Al-Attar declined to say how much was being spent on the latest series, which he said was funded by donations.

There were no cranes on set, so overhead shots were taken by drone or by a cameraman sitting on another man’s shoulders. Crew members used their camera batteries to detonate mock explosives. The filming took place at a Hamas military base near the frontier.

The cast is recruited locally, from a population that has had little contact with Israelis since the Hamas takeover and the tightening of the blockade.

Zohair al-Bebisi, a 64-year-old who has never set foot in Israel, was cast as David, an Israeli commando tasked with sneaking into Gaza to recover high-tech equipment captured by wily Hamas militants.

“It’s the first time I play the role of an Israeli intelligence officer,” al-Belbisi said as he rested between takes. He described his character as “very cunning,” with a knack for getting out of dangerous situations — until his luck runs out.

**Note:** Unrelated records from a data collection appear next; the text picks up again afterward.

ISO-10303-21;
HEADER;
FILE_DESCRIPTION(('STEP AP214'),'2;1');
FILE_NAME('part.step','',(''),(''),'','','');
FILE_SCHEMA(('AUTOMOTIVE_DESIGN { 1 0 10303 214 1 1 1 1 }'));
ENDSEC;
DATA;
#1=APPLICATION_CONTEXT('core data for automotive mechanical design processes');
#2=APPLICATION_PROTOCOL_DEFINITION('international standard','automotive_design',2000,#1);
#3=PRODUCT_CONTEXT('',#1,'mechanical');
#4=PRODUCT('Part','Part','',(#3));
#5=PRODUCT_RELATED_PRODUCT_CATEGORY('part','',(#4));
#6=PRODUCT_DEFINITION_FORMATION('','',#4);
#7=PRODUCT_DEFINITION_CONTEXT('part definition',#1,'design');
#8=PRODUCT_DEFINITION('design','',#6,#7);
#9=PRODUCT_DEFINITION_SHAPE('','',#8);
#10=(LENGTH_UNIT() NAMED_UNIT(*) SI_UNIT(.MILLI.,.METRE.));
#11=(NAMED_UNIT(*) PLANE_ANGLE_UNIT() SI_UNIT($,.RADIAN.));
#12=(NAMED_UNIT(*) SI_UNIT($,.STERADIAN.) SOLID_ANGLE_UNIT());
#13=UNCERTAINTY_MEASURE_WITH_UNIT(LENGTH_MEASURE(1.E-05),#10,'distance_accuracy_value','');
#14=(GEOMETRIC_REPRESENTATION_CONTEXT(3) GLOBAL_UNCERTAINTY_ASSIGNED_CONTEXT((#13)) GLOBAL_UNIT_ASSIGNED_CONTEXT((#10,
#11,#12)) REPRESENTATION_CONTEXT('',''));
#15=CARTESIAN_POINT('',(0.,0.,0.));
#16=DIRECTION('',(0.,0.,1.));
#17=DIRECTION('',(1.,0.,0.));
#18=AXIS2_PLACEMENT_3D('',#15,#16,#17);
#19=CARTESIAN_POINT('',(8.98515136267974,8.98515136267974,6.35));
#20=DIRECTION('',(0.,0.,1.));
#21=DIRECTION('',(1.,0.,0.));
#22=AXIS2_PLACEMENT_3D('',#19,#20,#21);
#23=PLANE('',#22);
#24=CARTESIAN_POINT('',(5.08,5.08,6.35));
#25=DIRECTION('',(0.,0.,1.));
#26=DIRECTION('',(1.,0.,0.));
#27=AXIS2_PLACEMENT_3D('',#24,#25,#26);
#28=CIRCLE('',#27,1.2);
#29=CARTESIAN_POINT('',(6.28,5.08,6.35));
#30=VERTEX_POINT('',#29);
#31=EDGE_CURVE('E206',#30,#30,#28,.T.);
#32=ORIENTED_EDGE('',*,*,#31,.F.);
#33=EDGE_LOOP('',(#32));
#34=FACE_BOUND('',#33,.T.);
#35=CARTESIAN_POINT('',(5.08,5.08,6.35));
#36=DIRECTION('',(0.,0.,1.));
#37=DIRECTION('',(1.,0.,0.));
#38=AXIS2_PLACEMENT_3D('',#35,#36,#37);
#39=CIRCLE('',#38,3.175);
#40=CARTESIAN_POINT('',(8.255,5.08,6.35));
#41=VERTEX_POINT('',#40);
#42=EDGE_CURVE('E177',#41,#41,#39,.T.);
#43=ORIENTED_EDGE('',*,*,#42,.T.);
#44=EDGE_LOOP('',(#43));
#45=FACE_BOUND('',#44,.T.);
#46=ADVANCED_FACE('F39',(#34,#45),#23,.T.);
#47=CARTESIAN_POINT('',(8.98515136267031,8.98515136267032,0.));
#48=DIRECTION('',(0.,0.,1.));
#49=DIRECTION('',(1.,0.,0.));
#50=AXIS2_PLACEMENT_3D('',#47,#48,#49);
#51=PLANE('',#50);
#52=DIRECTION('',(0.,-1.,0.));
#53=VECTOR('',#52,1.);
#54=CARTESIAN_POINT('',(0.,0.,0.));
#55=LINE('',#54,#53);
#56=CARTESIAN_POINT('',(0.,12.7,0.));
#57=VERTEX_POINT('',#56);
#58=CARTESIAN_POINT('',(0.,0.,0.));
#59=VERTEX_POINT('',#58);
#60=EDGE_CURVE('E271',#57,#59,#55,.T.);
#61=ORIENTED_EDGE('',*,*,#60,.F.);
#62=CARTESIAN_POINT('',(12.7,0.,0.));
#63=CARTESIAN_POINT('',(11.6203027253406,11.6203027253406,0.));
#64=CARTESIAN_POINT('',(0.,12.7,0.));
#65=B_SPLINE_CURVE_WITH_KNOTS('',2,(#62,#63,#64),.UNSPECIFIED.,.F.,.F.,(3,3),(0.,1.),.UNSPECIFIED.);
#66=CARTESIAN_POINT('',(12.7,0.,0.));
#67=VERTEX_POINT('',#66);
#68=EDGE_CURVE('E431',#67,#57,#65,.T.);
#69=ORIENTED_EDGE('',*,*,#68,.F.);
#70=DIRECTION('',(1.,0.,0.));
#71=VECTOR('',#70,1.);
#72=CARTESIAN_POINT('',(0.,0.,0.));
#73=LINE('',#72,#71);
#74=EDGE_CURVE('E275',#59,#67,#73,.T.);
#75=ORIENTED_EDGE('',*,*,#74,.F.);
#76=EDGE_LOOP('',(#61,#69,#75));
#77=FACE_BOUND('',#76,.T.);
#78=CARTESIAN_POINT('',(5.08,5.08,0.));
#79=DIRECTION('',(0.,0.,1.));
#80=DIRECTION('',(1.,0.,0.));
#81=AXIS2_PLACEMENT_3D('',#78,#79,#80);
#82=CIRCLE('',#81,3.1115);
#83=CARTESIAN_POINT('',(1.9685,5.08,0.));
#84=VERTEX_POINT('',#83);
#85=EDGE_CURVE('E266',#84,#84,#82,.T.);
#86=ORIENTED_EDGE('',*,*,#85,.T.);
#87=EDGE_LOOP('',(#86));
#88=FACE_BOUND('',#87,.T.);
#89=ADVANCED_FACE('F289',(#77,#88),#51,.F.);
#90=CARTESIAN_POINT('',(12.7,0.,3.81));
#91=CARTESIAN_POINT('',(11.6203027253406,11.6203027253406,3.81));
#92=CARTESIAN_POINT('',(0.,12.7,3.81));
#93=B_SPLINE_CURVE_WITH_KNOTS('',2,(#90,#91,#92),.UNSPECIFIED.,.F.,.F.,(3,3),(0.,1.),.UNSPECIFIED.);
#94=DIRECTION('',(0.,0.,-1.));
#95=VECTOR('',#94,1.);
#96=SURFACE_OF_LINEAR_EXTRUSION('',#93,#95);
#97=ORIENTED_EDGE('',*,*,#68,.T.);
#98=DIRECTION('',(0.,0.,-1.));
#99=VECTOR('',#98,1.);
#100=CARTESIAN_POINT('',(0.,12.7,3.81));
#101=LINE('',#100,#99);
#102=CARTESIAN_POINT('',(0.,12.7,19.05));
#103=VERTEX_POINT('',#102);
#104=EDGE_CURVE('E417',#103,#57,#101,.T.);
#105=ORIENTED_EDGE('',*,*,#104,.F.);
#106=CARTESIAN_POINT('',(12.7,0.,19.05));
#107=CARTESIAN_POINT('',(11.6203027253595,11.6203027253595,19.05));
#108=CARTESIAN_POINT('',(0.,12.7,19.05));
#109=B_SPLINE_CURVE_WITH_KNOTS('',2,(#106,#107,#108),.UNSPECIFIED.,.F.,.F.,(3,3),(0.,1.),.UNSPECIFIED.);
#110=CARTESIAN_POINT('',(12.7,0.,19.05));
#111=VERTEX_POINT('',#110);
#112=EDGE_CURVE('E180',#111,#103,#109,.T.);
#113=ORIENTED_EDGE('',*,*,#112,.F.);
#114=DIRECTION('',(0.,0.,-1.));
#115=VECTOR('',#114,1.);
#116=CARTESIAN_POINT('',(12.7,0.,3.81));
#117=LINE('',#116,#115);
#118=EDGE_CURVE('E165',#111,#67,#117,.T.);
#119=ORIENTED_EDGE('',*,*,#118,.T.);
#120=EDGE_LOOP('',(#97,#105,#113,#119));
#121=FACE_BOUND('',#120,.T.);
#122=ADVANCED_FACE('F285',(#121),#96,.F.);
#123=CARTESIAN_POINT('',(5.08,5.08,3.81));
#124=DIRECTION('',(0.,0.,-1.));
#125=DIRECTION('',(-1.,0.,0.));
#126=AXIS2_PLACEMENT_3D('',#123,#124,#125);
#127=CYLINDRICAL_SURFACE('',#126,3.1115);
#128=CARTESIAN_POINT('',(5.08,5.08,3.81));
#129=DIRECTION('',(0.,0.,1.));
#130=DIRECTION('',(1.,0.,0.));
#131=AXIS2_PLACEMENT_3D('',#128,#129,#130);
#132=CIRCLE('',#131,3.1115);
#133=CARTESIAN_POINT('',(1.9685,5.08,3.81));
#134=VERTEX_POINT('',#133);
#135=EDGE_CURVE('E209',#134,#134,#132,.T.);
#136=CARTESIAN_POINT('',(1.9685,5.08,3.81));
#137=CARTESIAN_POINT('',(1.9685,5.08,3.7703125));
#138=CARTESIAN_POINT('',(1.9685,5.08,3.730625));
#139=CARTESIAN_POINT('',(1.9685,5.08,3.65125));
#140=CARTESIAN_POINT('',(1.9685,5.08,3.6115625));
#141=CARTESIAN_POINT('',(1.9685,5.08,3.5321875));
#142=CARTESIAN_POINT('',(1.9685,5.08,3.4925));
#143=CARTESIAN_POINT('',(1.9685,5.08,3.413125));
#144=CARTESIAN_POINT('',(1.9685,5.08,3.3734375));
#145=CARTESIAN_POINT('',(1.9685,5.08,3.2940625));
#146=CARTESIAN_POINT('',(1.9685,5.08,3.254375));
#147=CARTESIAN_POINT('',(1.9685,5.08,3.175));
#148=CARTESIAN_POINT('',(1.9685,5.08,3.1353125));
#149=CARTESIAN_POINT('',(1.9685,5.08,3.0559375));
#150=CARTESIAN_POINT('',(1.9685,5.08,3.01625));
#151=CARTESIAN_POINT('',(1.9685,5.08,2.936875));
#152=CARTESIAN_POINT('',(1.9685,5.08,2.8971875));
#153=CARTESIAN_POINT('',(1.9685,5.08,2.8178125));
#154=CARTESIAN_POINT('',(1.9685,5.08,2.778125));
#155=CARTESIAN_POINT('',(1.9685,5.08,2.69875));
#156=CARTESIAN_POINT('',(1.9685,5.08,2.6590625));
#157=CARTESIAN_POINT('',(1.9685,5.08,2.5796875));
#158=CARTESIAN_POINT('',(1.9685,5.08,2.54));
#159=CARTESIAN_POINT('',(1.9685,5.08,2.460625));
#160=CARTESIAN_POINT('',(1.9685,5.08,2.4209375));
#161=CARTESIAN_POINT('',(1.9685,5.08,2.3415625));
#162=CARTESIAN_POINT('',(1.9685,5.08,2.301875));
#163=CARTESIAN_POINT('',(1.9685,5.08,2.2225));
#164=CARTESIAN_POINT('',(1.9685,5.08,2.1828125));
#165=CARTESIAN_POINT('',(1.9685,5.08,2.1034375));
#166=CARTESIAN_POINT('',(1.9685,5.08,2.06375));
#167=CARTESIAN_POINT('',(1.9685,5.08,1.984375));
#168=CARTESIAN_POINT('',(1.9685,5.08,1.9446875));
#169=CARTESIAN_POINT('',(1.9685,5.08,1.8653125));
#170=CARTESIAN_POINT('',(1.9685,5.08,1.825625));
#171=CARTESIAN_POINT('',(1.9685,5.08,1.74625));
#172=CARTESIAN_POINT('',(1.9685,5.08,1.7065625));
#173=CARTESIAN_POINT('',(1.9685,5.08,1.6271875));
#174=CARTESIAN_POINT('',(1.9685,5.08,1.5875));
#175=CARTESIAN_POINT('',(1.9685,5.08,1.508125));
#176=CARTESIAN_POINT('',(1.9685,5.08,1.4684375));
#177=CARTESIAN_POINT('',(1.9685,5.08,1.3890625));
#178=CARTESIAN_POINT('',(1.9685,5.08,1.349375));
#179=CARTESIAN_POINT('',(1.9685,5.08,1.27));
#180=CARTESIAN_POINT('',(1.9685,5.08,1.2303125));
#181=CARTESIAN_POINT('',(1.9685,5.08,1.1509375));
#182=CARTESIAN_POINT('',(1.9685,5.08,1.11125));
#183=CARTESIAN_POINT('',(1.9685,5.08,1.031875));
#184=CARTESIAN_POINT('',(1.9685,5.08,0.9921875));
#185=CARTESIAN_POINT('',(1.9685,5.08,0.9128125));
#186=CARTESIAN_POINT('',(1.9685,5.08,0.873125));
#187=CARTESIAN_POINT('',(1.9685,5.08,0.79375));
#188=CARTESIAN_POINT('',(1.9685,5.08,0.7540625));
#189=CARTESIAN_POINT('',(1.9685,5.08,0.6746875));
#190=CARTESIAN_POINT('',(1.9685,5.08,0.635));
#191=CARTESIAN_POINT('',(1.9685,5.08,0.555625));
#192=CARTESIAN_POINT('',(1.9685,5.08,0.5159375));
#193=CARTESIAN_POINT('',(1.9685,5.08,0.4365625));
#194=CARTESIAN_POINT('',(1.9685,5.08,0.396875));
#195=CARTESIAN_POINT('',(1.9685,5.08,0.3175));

Spoiler alert: David is killed by friendly fire.

The propaganda goes largely unchecked inside Gaza, where Hamas does not tolerate dissent. Since taking power in 2006, Hamas has jailed journalists and activists, banned newspapers, shuttered rival TV stations and restricted movie screenings.

Its rivals in the internationally recognized Palestinian Authority have also cracked down on dissent in Judea and Samaria.

United With Israel staff contributed to this report.